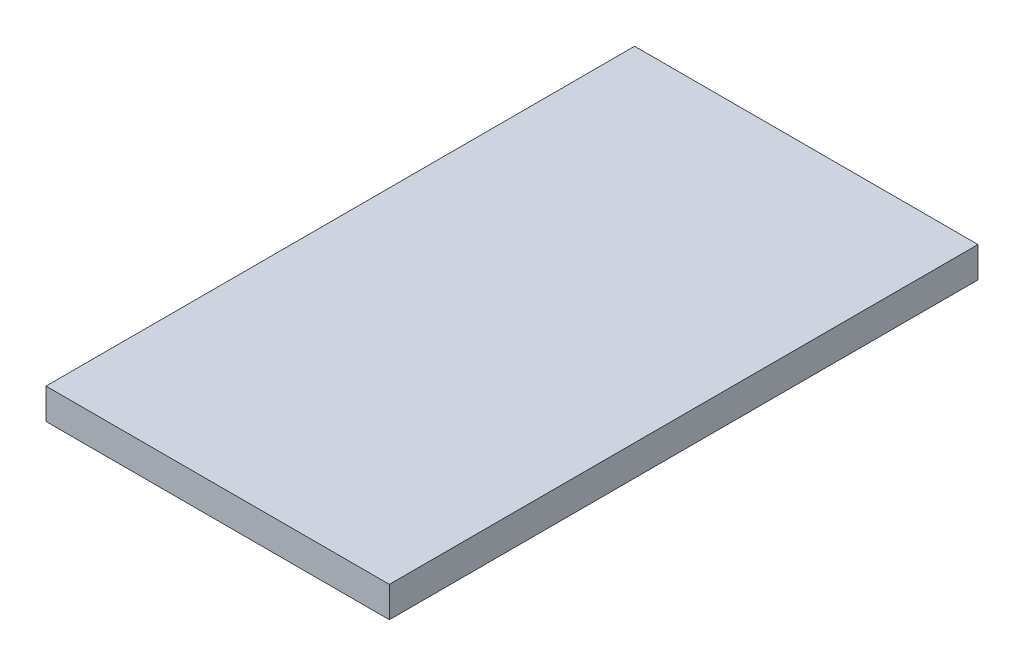
SolidWorks part; units mm, degrees
material "Cedar"
ref_plane "Front Plane" through (0, 0, 0) normal (0, 0, 1) x (1, 0, 0)
ref_plane "Top Plane" through (0, 0, 0) normal (0, 1, 0) x (1, 0, 0)
ref_plane "Right Plane" through (0, 0, 0) normal (1, 0, 0) x (0, 0, -1)
sketch "Sketch1" plane through (0, 0, 0) normal (0, 1, 0) x (1, 0, 0)
  line L1 (-177.8, -304.8) -> (177.8, -304.8)
  line L2 (-177.8, -304.8) -> (-177.8, 304.8)
  line L3 (-177.8, 304.8) -> (177.8, 304.8)
  line L4 (177.8, -304.8) -> (177.8, 304.8)
  line L5 (-177.8, -304.8) -> (177.8, 304.8) construction
  line L6 (-177.8, 304.8) -> (177.8, -304.8) construction
  point P0 (0, 0)
  dimension "D1" = 355.6
  dimension "D2" = 609.6
extrude "Boss-Extrude1" add sketch "Sketch1" along normal blind 31.75

→ Exercise details: Count up the lines in the entries above where the word "construction" appears, and give the figure with nothing added.

→ Answer below: 2